5) The next war on drugs
A recent memo from Sessions to the nation’s U.S. Attorneys reads that his new task force will have subcommittees “undertake a review of existing policies in the areas of charging, sentencing, and marijuana to ensure consistency with the Department’s overall strategy on reducing violent crime and with Administration goals and priorities.”
It’s in this one awkwardly worded line that we understand that Sessions is attempting to link marijuana to violent crime, though the research does not totally support this. But there is a link between incarceration and violent crime—the former makes the latter worse.
We also know that while Sessions is referring to the opiate problem as a “public health crisis,” he is referring to marijuana as something that only bad people do.

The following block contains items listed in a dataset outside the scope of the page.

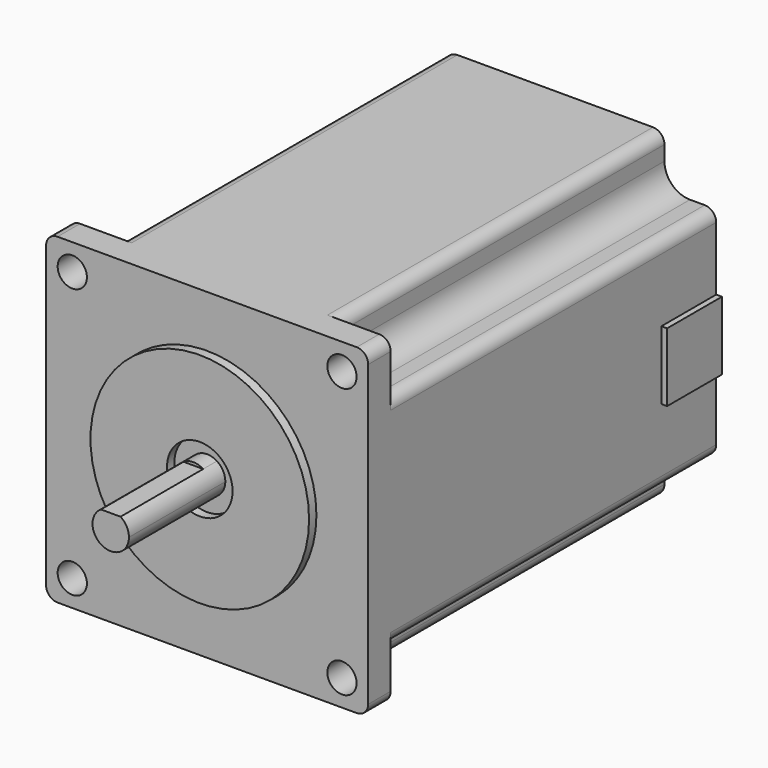
from build123d import *
from build123d import SkipClean  # not in build123d's __all__

# Parameters (mm, degrees)
F1_DEPTH      = 21
F2_DEPTH      = 3
F0_R          = 19.05
F0_R_2        = 5.715
F3_DEPTH      = 1.6
F3_DEPTH_BACK = 10
F0_W          = 56.134
F0_H          = 56.134
F0_R_3        = 2.55
F4_DEPTH      = 4.9022
F6_DEPTH      = 75.819
F7_R          = 2
F8_W          = 11.938
F8_H          = 11.938
F9_DEPTH      = 1


with BuildPart() as f1:
    # F0 (on Front) → F1 (new body)
    with BuildSketch(Plane.XZ):
        with BuildLine():
            ThreePointArc((-1.7102631376, 2.675), (-1.5248835264, -2.7848438432), (3.175, 0))
            ThreePointArc((3.175, 0), (2.7848438432, 1.5248835264), (1.7102631376, 2.675))
            Line((1.7102631376, 2.675), (-1.7102631376, 2.675))
        make_face()
    extrude(amount=F1_DEPTH)

    # F0 (on Front) → F2 (join, symmetric)
    with BuildSketch(Plane.XZ):
        with BuildLine():
            Line((-1.7102631376, 2.675), (1.7102631376, 2.675))
            ThreePointArc((1.7102631376, 2.675), (0, 3.175), (-1.7102631376, 2.675))
        make_face()
        with BuildLine():
            ThreePointArc((-1.7102631376, 2.675), (-1.5248835264, -2.7848438432), (3.175, 0))
            ThreePointArc((3.175, 0), (2.7848438432, 1.5248835264), (1.7102631376, 2.675))
            Line((1.7102631376, 2.675), (-1.7102631376, 2.675))
        make_face()
    with SkipClean():  # cleaning this boolean's faces spoils the solid; the shape is the same uncleaned
        extrude(amount=F2_DEPTH, both=True)



with BuildPart() as f3:
    # F0 (on Front) → F3 (new body, two sides)
    with BuildSketch(Plane.XZ) as f3_sk:
        Circle(F0_R)
        Circle(F0_R_2, mode=Mode.SUBTRACT)
    extrude(amount=F3_DEPTH)
    extrude(f3_sk.sketch, amount=-F3_DEPTH_BACK)

    # F0 (on Front) → F4 (join)
    with BuildSketch(Plane.XZ):
        Rectangle(F0_W, F0_H)
        with Locations((-23.5, -23.5)):
            Circle(F0_R_3, mode=Mode.SUBTRACT)
        with Locations((23.5, -23.5)):
            Circle(F0_R_3, mode=Mode.SUBTRACT)
        with Locations((-23.5, 23.5)):
            Circle(F0_R_3, mode=Mode.SUBTRACT)
        Circle(F0_R, mode=Mode.SUBTRACT)
        with Locations((23.5, 23.5)):
            Circle(F0_R_3, mode=Mode.SUBTRACT)
    extrude(amount=-F4_DEPTH)


with BuildPart() as f1_1:
    add(f1.part, clean=False)

    with SkipClean():  # cleaning this boolean's faces spoils the solid; the shape is the same uncleaned
        add(f3.part)  # F6 merges F3
    # F5 (on Front) → F6 (join)
    with BuildSketch(Plane.XZ):
        with BuildLine():
            ThreePointArc((-19.05, 23.5), (-20.3533748237, 20.3533748237), (-23.5, 19.05))
            Line((-23.5, 19.05), (-28.067, 19.05))
            Line((-28.067, 19.05), (-28.067, -19.05))
            Line((-28.067, -19.05), (-23.5, -19.05))
            ThreePointArc((-23.5, -19.05), (-20.3533748237, -20.3533748237), (-19.05, -23.5))
            Line((-19.05, -23.5), (-19.05, -28.067))
            Line((-19.05, -28.067), (19.05, -28.067))
            Line((19.05, -28.067), (19.05, -23.5))
            ThreePointArc((19.05, -23.5), (20.3533748237, -20.3533748237), (23.5, -19.05))
            Line((23.5, -19.05), (28.067, -19.05))
            Line((28.067, -19.05), (28.067, 19.05))
            Line((28.067, 19.05), (23.5, 19.05))
            ThreePointArc((23.5, 19.05), (20.3533748237, 20.3533748237), (19.05, 23.5))
            Line((19.05, 23.5), (19.05, 28.067))
            Line((19.05, 28.067), (-19.05, 28.067))
            Line((-19.05, 28.067), (-19.05, 23.5))
        make_face()
    with SkipClean():  # cleaning this boolean's faces spoils the solid; the shape is the same uncleaned
        extrude(amount=-F6_DEPTH)

    # F7
    f7_edges = [f1_1.edges().sort_by_distance(p)[0] for p in [
        (19.05, 40.3606, 28.067),
        (28.067, 40.3606, 19.05),
        (28.067, 2.4511, 28.067),
        (28.067, 2.4511, -28.067),
        (28.067, 40.3606, -19.05),
        (19.05, 40.3606, -28.067),
        (-19.05, 40.3606, -28.067),
        (-28.067, 40.3606, -19.05),
        (-28.067, 2.4511, -28.067),
        (-28.067, 2.4511, 28.067),
        (-28.067, 40.3606, 19.05),
        (-19.05, 40.3606, 28.067),
    ]]
    fillet(f7_edges, radius=F7_R)

    # F8 (on face) → F9 (join)
    with BuildSketch(Plane.YZ.offset(28.067)):
        with Locations((69.85, 0)):
            Rectangle(F8_W, F8_H)
    extrude(amount=F9_DEPTH)


solid = f1_1.part

Given African Americans are arrested for possessing weed at far higher rates than whites (even after weed legalization), it’s safe to assume that people of color will be targeted for criminalization under Sessions’ drug enforcement.
Again, while his task force has yet to roll out any concrete policies, we can safely guess that, as the Brennan Center report notes: “The benefits of opioid treatment efforts may inure to white communities, while communities of color would bear the brunt of rising marijuana prosecutions.”
In other words: White people will get rehabbed; black people will get rejailed.
This will only deepen the growing gulf between urban and non-urban communities. Voters from the so-called heartland probably don’t care much about White House waffling over whether China manipulates currency, or whether Syria needs regime change. But if Trump tells them that an urban crime wave is lapping on their front doorsteps, that’ll move them to the polls.